2 Latino gang members convicted of first-degree murder of Cheryl Green, potential witness

September 9, 2010 | 3:45 pm

Two Latino gang members were convicted Thursday of first-degree murder in a hate crime trial surrounding the deaths of a 14-year-old black girl and a potential witness in the Harbor Gateway area of Los Angeles.

The panel also found to be true the allegation that the girl's killing was a hate crime.

The jury deliberated for less than two days in the case of Jonathan Fajardo, 22, and Daniel Aguilar, 23, both members of the 204th street gang. Fajardo was found guilty of killing Cheryl Green because she was black.
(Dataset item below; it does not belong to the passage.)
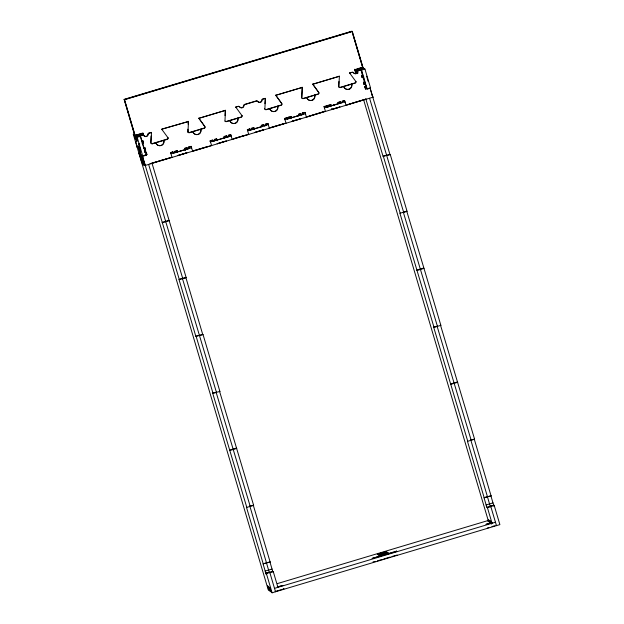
<?xml version="1.0" encoding="UTF-8"?>
<svg xmlns="http://www.w3.org/2000/svg" width="624" height="624" viewBox="0 0 624 624"><rect width="100%" height="100%" fill="white"/><g stroke="black" fill="none" stroke-linecap="round" stroke-linejoin="round"><path stroke-width="0.94" d="M151.094 136.063L150.766 142.818A1.193 1.186 0 0 0 152.24 143.614L152.428 143.754M358.691 70.442L358.511 70.301A1.193 1.186 0 0 0 357.661 71.386A2.379 2.371 -52.4 0 1 353.363 72.665A1.193 1.186 0 0 0 352.069 72.228L349.666 72.946A1.186 1.186 0 0 0 349.814 73.258L355.953 81.635A1.193 1.186 0 0 1 355.15 83.109L351.733 84.139A4.165 4.15 -52.4 0 1 348.925 89.318A4.165 4.15 -52.4 0 1 343.762 86.525L340.345 87.547A1.193 1.186 0 0 1 338.863 86.744L339.362 76.619A1.178 1.178 0 0 0 339.316 76.284L312.889 84.193A1.201 1.193 0 0 0 313.037 84.505L318.958 92.711A1.193 1.186 0 0 1 318.154 94.185L314.738 95.207A4.165 4.15 -52.4 0 1 311.93 100.386A4.165 4.15 -52.4 0 1 306.766 97.594L303.35 98.615A1.193 1.186 0 0 1 301.868 97.82L302.367 87.695A1.186 1.178 0 0 0 302.336 87.438L275.894 95.261A1.17 1.17 0 0 0 275.995 95.503L281.962 103.779A1.193 1.186 0 0 1 281.159 105.261L277.742 106.283A4.165 4.15 -52.4 0 1 274.934 111.462A4.165 4.15 -52.4 0 1 269.771 108.67L266.354 109.691A1.193 1.186 0 0 1 264.872 108.896L265.372 98.771A1.193 1.186 0 0 0 265.325 98.428L262.696 98.982A1.193 1.186 0 0 0 261.846 100.058A2.379 2.371 -52.4 0 1 257.556 101.345A1.193 1.186 0 0 0 256.253 100.909L244.616 104.395A1.193 1.186 0 0 0 243.766 105.472A2.379 2.371 -52.4 0 1 239.476 106.759A1.193 1.186 0 0 0 238.181 106.322L235.778 107.039A1.186 1.186 0 0 0 235.919 107.351L242.057 115.721A1.193 1.186 0 0 1 241.262 117.203L237.845 118.225A4.165 4.15 -52.4 0 1 235.037 123.404A4.165 4.15 -52.4 0 1 229.866 120.611L226.45 121.633A1.193 1.186 0 0 1 224.975 120.838L225.467 110.713A1.178 1.178 0 0 0 225.42 110.37L199.001 118.279A1.201 1.193 0 0 0 199.142 118.591L205.062 126.797A1.193 1.186 0 0 1 204.259 128.279L200.842 129.301A4.165 4.15 -52.4 0 1 198.042 134.48A4.165 4.15 -52.4 0 1 192.871 131.687L189.454 132.709A1.193 1.186 0 0 1 187.98 131.914L188.471 121.789A1.186 1.178 0 0 0 188.448 121.532L161.78 129.184A1.186 1.186 0 0 0 161.928 129.496L168.067 137.873A1.193 1.186 0 0 1 167.263 139.347L163.847 140.377A4.165 4.15 -52.4 0 1 161.047 145.556A4.165 4.15 -52.4 0 1 155.875 142.756L152.459 143.785A1.193 1.186 0 0 1 150.985 142.982L151.476 132.857A1.193 1.186 0 0 0 151.429 132.522L148.808 133.068A1.193 1.186 0 0 0 147.958 134.152A2.379 2.371 -52.4 0 1 143.66 135.439A1.193 1.186 0 0 0 142.366 135.002M187.98 131.914L187.886 129.207M188.128 124.145L188.253 121.618A1.186 1.178 0 0 0 188.23 121.36L188.206 121.274M225.007 115.604L225.248 110.542A1.178 1.178 0 0 0 225.202 110.206M264.904 103.662L265.333 98.74M301.696 96.806L302.102 88.374M338.894 81.518L338.653 86.58A1.193 1.186 0 0 0 340.127 87.376L340.306 87.516M299.785 115.3L290.488 118.076L293.062 117.281M300.76 118.739L292.391 121.204M291.712 121.384L292.094 121.368M331.328 109.52L331.89 109.457M339.947 107.039L331.633 109.418M177.395 151.866L176.6 152.147L177.505 151.952M185.102 149.674L185.897 149.393L184.993 149.588M216.879 140.049L216.083 140.33L224.671 137.873L224.297 136.703M224.585 137.857L225.381 137.576L224.476 137.771M261.784 126.727L262.587 126.422L261.674 126.641M254.943 132.374L263.593 129.854L263.008 129.964M135.962 139.854L124.114 99.38L351.897 31.2L352.334 31.535L363.012 67.603L355.04 69.989L362.794 67.431L352.115 31.372L124.332 99.551L135.01 135.611L142.982 133.224L143.879 135.673A2.379 2.371 -52.4 0 0 148.177 134.316A1.193 1.186 0 0 1 149.027 133.24L151.429 132.522M124.114 99.38L124.55 99.715L352.334 31.535M268.531 587.402L267.61 585.819L268.96 590.374L268.242 589.82L133.31 134.3L134.16 134.043M141.882 133.318L134.792 135.439L135.486 135.977L136.835 140.533M356.374 69.116L360.805 67.79M143.2 133.396L135.229 135.782L124.55 99.715M135.486 135.977L142.319 133.934L141.586 133.364M356.515 72.01L355.703 69.28L356.437 69.841L363.269 67.798L362.536 67.236M136.64 139.503L137.561 141.094L136.211 136.539L143.403 134.768L139.987 135.79M357.973 73.141L357.162 70.403L363.995 68.359L364.962 69.1L370.578 88.078L367.162 89.099L366.483 88.577L365.399 88.904L368.347 88.257M360.914 69.584L357.162 70.403M143.879 135.603A1.193 1.186 0 0 0 142.584 135.166L140.182 135.884L141.757 141.203L142.896 140.86L143.567 143.138L142.428 143.481M161.78 129.184L188.425 121.446M199.001 118.279L225.42 110.37M235.778 107.039L238.399 106.486A1.193 1.186 0 0 1 239.694 106.93A2.379 2.371 -52.4 0 0 243.992 105.643A1.193 1.186 0 0 1 244.842 104.559L256.48 101.08A1.193 1.186 0 0 1 257.774 101.517A2.379 2.371 -52.4 0 0 262.072 100.23A1.193 1.186 0 0 1 262.922 99.154L265.317 98.428M275.894 95.261L302.32 87.36M312.889 84.193L339.316 76.284M349.666 72.946L352.287 72.4A1.193 1.186 0 0 1 353.582 72.836A2.379 2.371 -52.4 0 0 357.88 71.549A1.193 1.186 0 0 1 358.73 70.473L361.132 69.755L362.708 75.067L361.569 75.41L362.24 77.688C364.229 78.577 362.552 75.332 363.145 77.103M136.211 136.539L137.179 137.28L140.595 136.258L146.211 155.236L142.795 156.257L142.116 155.735L142.865 158.067M360.578 69.381L361.546 70.122L364.962 69.1M356.632 71.752L355.493 72.095L354.822 69.818M356.858 71.924L355.274 71.924L356.858 71.924L357.365 73.655M136.477 141.578C134.979 141.219 135.338 141.57 136.586 141.664M141.82 140.946L142.896 140.86M362.201 74.981L362.708 75.067M139.737 144.089C138.512 144.316 138.107 143.442 139.628 144.004M361.577 75.995L362.021 77.516L363.847 76.97M137.904 146.39L137.069 146.718L137.381 147.615L135.759 141.991M152.24 143.614L167.045 139.183M187.762 131.742A1.193 1.186 0 0 0 189.236 132.538L204.04 128.107A1.193 1.186 0 0 0 204.844 126.625L198.923 118.427A1.201 1.193 0 0 1 198.775 118.115M224.96 121.064A1.193 1.186 0 0 0 226.231 121.462L241.043 117.031A1.193 1.186 0 0 0 241.839 115.557L242.026 115.697M264.654 108.724A1.193 1.186 0 0 0 266.136 109.52L280.94 105.089A1.193 1.186 0 0 0 281.744 103.615L275.777 95.332A1.17 1.17 0 0 1 275.675 95.098M301.735 97.851A1.193 1.186 0 0 0 303.131 98.452L317.936 94.021A1.193 1.186 0 0 0 318.739 92.539L312.811 84.334A1.201 1.193 0 0 1 312.671 84.022M340.127 87.376L354.931 82.945A1.193 1.186 0 0 0 355.735 81.463L355.914 81.604M155.875 142.756L163.847 140.377M192.871 131.687L200.842 129.301M229.866 120.611L237.845 118.225M269.771 108.67L277.742 106.283M306.766 97.594L314.738 95.207M343.762 86.525L351.733 84.139M143.621 148.052L144.979 147.88L145.649 150.158L144.472 150.47M366.077 86.455L364.72 86.627L366.077 86.455L365.461 84.365L364.104 84.536L363.425 82.259L364.564 81.923M143.84 148.223L144.979 147.88M363.425 82.259L364.783 82.087L363.254 77.189M144.292 150.329L145.649 150.158M364.104 84.536L365.461 84.365M138.934 153.278L139.784 153.02M144.908 152.42L146.266 152.248L146.944 154.526L142.389 155.891L179.338 279.63L186.178 277.586L152.053 163.402M146.266 152.248L145.096 152.56M146.944 154.526L145.587 154.697L146.211 155.236M171.155 152.42L172.864 151.905L173.417 153.215L175.321 152.646L174.946 151.476M174.759 151.336L177.037 150.657L177.598 151.96L185.078 149.604M185.172 150.205L184.634 148.379L186.911 147.701L187.465 149.011L189.361 148.442L188.807 147.131L189.361 148.442M188.393 147.139L191.194 146.305M210.639 140.595L212.347 140.088L212.901 141.398L214.796 140.829L214.282 139.55M214.531 139.316L216.52 138.84L217.168 140.743M223.868 136.523L226.668 135.681M226.949 137.194C224.585 134.706 229.975 139.129 228.29 135.314L230.786 134.8L232.159 139.425L239.437 136.937M247.276 129.636L249.553 128.95L250.107 130.26L252.002 129.691L251.449 128.38L252.002 129.691M250.942 128.419L253.742 127.585M261.206 125.346L264.014 124.511M264.155 126.056C261.791 123.568 267.181 127.99 265.496 124.176L267.992 123.669L269.365 128.294M304.98 112.359L305.557 113.74L284.762 119.652L284.474 118.498L291.08 116.407M298.857 115.432L298.522 114.293L300.043 113.841M302.289 113.053L304.216 112.585M323.755 106.626L331.227 104.387M330.884 106.041L329.971 106.252L338.559 103.779C340.369 103.015 337.21 104.411 338.005 102.476L340.283 101.79L340.837 103.1L342.74 102.531L342.178 101.228L343.886 100.714M210.405 141.905L210.07 140.767L211.653 145.564L192.676 151.242L191.084 146.453L191.662 147.826L170.867 153.738L170.586 152.584L173.082 152.077M174.977 151.507L177.255 150.821M184.634 148.379L187.13 147.872M189.025 147.303L191.303 146.617M210.288 140.938L212.566 140.26M214.461 139.69L216.739 139.004M224.336 136.734L226.613 136.055M228.29 135.314L230.786 134.8M249.772 129.121L247.494 129.8L248.57 134.207M251.667 128.552L253.945 127.873L254.171 128.926M261.659 126.571L261.316 125.432L263.812 124.917M265.496 124.176L267.992 123.669M284.474 118.498L286.97 117.983L287.313 119.122L289.208 118.552L288.655 117.25L289.208 118.552M288.873 117.413L291.151 116.735L291.377 117.788M298.522 114.293L301.018 113.779L301.361 114.917L303.256 114.348L302.702 113.045L303.256 114.348M302.921 113.209L305.198 112.531L306.275 116.93M328.692 106.735L328.138 105.433L328.692 106.735L326.797 107.305L326.453 106.166L324.176 106.844L325.354 111.267M328.357 105.596L330.634 104.918L330.97 106.057M338.005 102.476L340.501 101.962M342.397 101.392L344.682 100.714L346.047 105.339L351.702 103.334M172.864 151.905L173.199 153.044L173.675 152.903M180.859 150.868L182.543 150.361M186.911 147.701L187.247 148.84L189.142 148.27M212.347 140.088L212.683 141.227L213.158 141.086M222.784 138.278L224.671 137.873M255.863 128.419L253.313 129.215L261.877 126.734L261.534 125.596M263.936 125.884L265.832 125.315M286.97 117.983L287.095 118.958L287.563 118.81M288.514 118.529L288.99 118.388M296.353 116.259L299.075 115.604L298.74 114.465M302.562 114.325L303.038 114.184M327.21 106.946L328.474 106.571M333.302 105.199L335.08 104.707M340.283 101.79L340.618 102.929L341.094 102.788M342.046 102.508L342.74 102.531M150.033 163.699L157.615 161.429M158.457 161.179L164.354 159.409M165.196 159.159L172.154 157.31M224.827 141.313L217.09 143.762L226.395 140.977L225.638 141.141M240.271 136.687L248.843 134.355M262.665 129.987L255.185 132.343M269.069 128.068L272.462 127.054M273.296 126.805L276.635 125.798M277.477 125.549L280.816 124.55M281.65 124.301L285.012 123.295M292.282 121.118L299.98 118.934M324.519 111.47L306.548 117.086M339.698 107.008L331.874 109.387L331.617 108.529M352.544 103.085L366.023 99.044M151.835 163.238L169.681 157.895M208.26 146.344L194.665 150.337M245.497 135.197L234.14 138.52M283.569 123.802L271.346 127.382M348.106 104.489L365.953 99.146M372.98 97.196L145.22 165.446L144.323 163.004M162.084 222.386L168.917 220.342M365.875 99.091L383.035 156.257L390.257 154.51L407.121 211.45L399.906 213.197L434.023 327.374L440.856 325.33L423.992 268.39L406.739 211.146L403.322 212.176L437.44 326.352L433.633 327.077L467.758 441.254L474.591 439.21L440.466 325.034L440.856 325.33M162.474 222.69L169.307 220.646M383.035 156.257L390.257 154.51M179.806 279.076L181.514 278.561M212.683 393.206L219.905 391.466L219.515 391.162L253.64 505.346L246.808 507.39L212.683 393.206L216.489 392.488L182.372 278.304L186.178 277.586M179.338 279.63L178.955 279.326L195.819 336.266L203.042 334.526L219.905 391.466M416.77 270.137L423.602 268.086M195.819 336.266L203.042 334.526M417.16 270.434L423.992 268.39M229.554 450.154L236.387 448.102M450.505 384.017L457.337 381.974M229.944 450.45L236.777 448.406M450.887 384.314L457.727 382.27M269.896 561.818L272.033 569.026L265.2 571.077L263.063 563.862L270.122 561.982L266.479 562.84L249.834 506.064L253.64 505.346M490.846 495.682L492.983 502.897L486.151 504.941L484.013 497.726L491.065 495.854L487.43 496.704L470.785 439.936L474.591 439.21M263.921 563.605L265.629 563.098M484.871 497.468L486.58 496.961M265.13 571.015L265.801 573.292L272.633 571.249L273.32 571.771L277.93 587.34M486.08 504.886L486.751 507.164L494.185 505.37L499.886 524.62L272.103 592.8L271.144 592.059L269.654 587.395L269.989 588.533L269.552 588.19M265.801 573.292L269.365 572.387M490.316 506.251L493.732 505.229L494.216 506.477L493.795 505.066M265.949 573.409L266.432 574.657L266.011 573.245L269.818 572.528L275.527 591.778L275.137 591.474L284.053 588.884L283.686 588.604M490.378 506.087L494.185 505.37M273.32 571.771L269.903 572.801L269.217 572.27L266.479 562.84M486.751 507.164L487.438 507.686L490.854 506.665L490.168 506.142L487.43 496.704M488.53 520.4L277.43 583.58M490.199 521.095L488.374 521.641L489.372 521.188L487.648 521.079M491.049 521.75L489.224 522.296L490.955 522.413L489.957 522.857L491.782 522.311M277.189 586.911L283.039 585.468L277.407 587.075M492.391 522.499L485.932 524.347L491.79 522.912M274.513 588.362L495.464 522.226M377.442 560.859L381.982 559.494M383.791 558.956L390.148 557.053M391.966 556.507L394.688 555.695M491.977 526.57L494.442 525.837M395.663 555.477L397.184 555.025M487.313 528.044L488.834 527.592M298.88 115.502L299.793 115.292M185.999 153.005L186.911 152.794L177.614 155.563L186.092 153.02M359.12 68.258L360.391 70.645M366.686 76.237L368.152 81.44M370.578 88.078L369.899 87.555L389.867 154.206M349.846 73.289L350.033 73.429A1.186 1.186 0 0 1 349.885 73.117M372.107 94.825L373.004 97.266M339.323 76.596L339.144 76.456A1.178 1.178 0 0 0 339.097 76.112M344.744 101.696L324.246 107.835M338.45 103.701L338.224 102.64M330.634 104.918L330.751 105.885M326.453 106.166L326.797 107.305M302.328 87.672L302.149 87.524A1.186 1.178 0 0 0 302.117 87.274L302.094 87.188M322.982 111.93L308.552 116.251M301.361 114.917L300.799 113.607M291.151 116.735L291.268 117.702M403.322 212.176L403.705 212.472L369.587 98.296M268.055 124.652L247.556 130.79M235.958 107.383L236.137 107.523A1.186 1.186 0 0 1 235.989 107.211M253.945 127.873L254.062 128.84M250.107 130.26L249.553 128.95M214.796 140.829L214.328 139.807M210.35 141.921L231.145 136.009L230.568 134.636M161.967 129.527L162.146 129.667A1.186 1.186 0 0 1 161.998 129.355M168.035 137.842L167.848 137.701A1.193 1.186 0 0 1 167.045 139.183M175.321 152.646L175.016 152.194M171.881 157.154L170.804 152.755M138.169 134.394L139.441 136.773M139.628 135.517L140.595 136.258M133.31 134.3L134.027 134.854L135.517 139.519L135.182 138.38L135.619 138.715M143.567 143.138L142.678 140.689M138.614 148.348L137.865 146.016L138.668 146.632L141.188 155.899M140.08 153.286L140.969 155.727M138.91 153.208L139.823 155.727M143.068 161.156L141.874 160.235L143.442 164.954L143.107 163.816M141.289 160.657L142.03 162.997L139.129 153.379M145.197 165.376L142.171 155.719M142.958 163.706L144.004 164.51M470.785 439.936L471.175 440.232L437.05 326.056M467.758 441.254L467.368 440.957L484.232 497.897M492.983 502.897L493.732 505.229M182.372 278.304L182.762 278.608L148.637 164.424M496.088 525.346L496.47 525.642L490.768 506.392M489.177 520.159L490.222 521.843L490.027 520.814L490.565 522.639M375.625 561.397L373.058 561.857M249.834 506.064L250.224 506.368L216.099 392.184M246.808 507.39L246.418 507.094L263.281 564.034M272.033 569.026L272.633 571.249M268.336 586.381L269.685 590.936L270.418 591.497L269.217 587.051M143.832 148.738L143.84 148.52M142.256 143.185L142.038 142.568L142.194 143.239M364.588 81.994L364.9 82.883L364.697 82.072M140.221 149.144L140.533 150.041L138.778 144.261M474.201 438.914L491.065 495.854M370.461 89.263L372.762 97.032M352.989 34.897L362.575 67.259M361.546 70.122L367.162 89.099M361.179 70.465L366.553 88.624M363.644 82.43L364.322 84.708M364.939 86.798L365.617 89.076M364.72 86.627L365.227 88.335M383.425 156.554L400.288 213.494M487.438 507.686L492.047 523.247L490.76 521.383L491.572 524.113M356.437 69.841L357.248 72.571M355.243 69.631L356.054 72.361M488.99 521.422L488.303 519.488L488.639 520.627L488.179 520.268L363.519 99.434M354.744 69.233L355.719 72.267M344.456 100.542L345.002 102.367M342.178 101.228L342.521 102.367M284.692 118.669L286.065 123.295M267.774 123.497L268.109 124.636M265.715 124.348L266.05 125.486M228.509 135.486L228.844 136.625M216.52 138.84L217.058 140.657M184.852 148.551L185.281 150.29M177.037 150.657L177.38 151.796M185.788 277.282L202.652 334.222M253.25 505.042L270.122 561.982M142.982 133.224L143.434 134.745M142.763 133.052L143.442 135.33M144.76 147.716L145.431 149.994M146.047 152.077L146.726 154.354M142.662 144.269L143.606 147.436M144.511 150.501L144.979 152.069M137.179 137.28L142.795 156.257M196.209 336.57L213.073 393.51M266.401 573.55L272.103 592.8M142.99 161.093L144.339 165.649L143.855 164.401M138.38 146.406L142.654 160.836M138.161 146.242L142.436 160.664M137.943 146.071L140.751 155.563M143.005 133.801A2.379 2.371 -52.4 0 1 142.295 133.903M143.224 133.965A2.379 2.371 -52.4 0 1 141.781 133.942M151.211 132.35A1.193 1.186 0 0 1 151.258 132.608M265.106 98.264A1.193 1.186 0 0 1 265.153 98.6M163.738 140.291A4.165 4.15 -52.4 0 1 160.937 145.47A4.165 4.15 -52.4 0 1 155.766 142.678M200.733 129.215A4.165 4.15 -52.4 0 1 197.933 134.394A4.165 4.15 -52.4 0 1 192.761 131.602M237.728 118.139A4.165 4.15 -52.4 0 1 234.928 123.318A4.165 4.15 -52.4 0 1 229.757 120.526M277.633 106.197A4.165 4.15 -52.4 0 1 274.825 111.376A4.165 4.15 -52.4 0 1 269.662 108.584M314.629 95.129A4.165 4.15 -52.4 0 1 311.821 100.3A4.165 4.15 -52.4 0 1 306.657 97.508M351.624 84.053A4.165 4.15 -52.4 0 1 348.816 89.232A4.165 4.15 -52.4 0 1 343.652 86.44M386.396 551.499L377.278 554.229L379.002 554.338L378.011 554.791L387.122 552.068L385.398 551.959L386.396 551.499M387.855 552.63L378.737 555.352L380.461 555.461L379.47 555.914L388.58 553.192L386.857 553.082L387.855 552.63M396.568 551.101L372.044 558.441L396.934 551.382L396.568 551.101"/></g></svg>

Both defendants were convicted of participating in the murder of a potential witness, 21-year-old Christopher Ash, who the gang suspected of talking to police about Green's killing.

Fajardo and Aguilar showed no emotion, staring blankly ahead, as their families sobbed in the audience.

Green was shot in December 2006 as she stood hanging out with friends in a driveway in broad daylight. Prosecutors alleged in trial that Fajardo was agitated from an earlier confrontation with a black man when he fired into the crowd of black youngsters. Three others were wounded in that shooting.

Fajardo also was convicted of attempted murder for shooting at the others in the crowd.

Ash's death came two weeks later. His body, stabbed more than 60 times and wrapped in a bloody blanket, was dumped on a roadside in Carson. The gang suspected him because police served a search warrant on his apartment but released him the same day, prosecutors said.

In the two-week trial, Fajardo's attorney disputed that Green's killing, which Fajardo admitted to in police interviews, was motivated by race, calling it an "accident that rose of fear and anger" and a "rash impulse."

Green's death sparked community outrage and widespread reaction from authorities and politicians about gang violence and black-Latino tensions in the neighborhood, a narrow stretch of Los Angeles between Torrance and Carson where graffiti with racial epithets were an everyday occurrence.

The girl's death was but one of a number of slayings in the area police believe were racially motivated.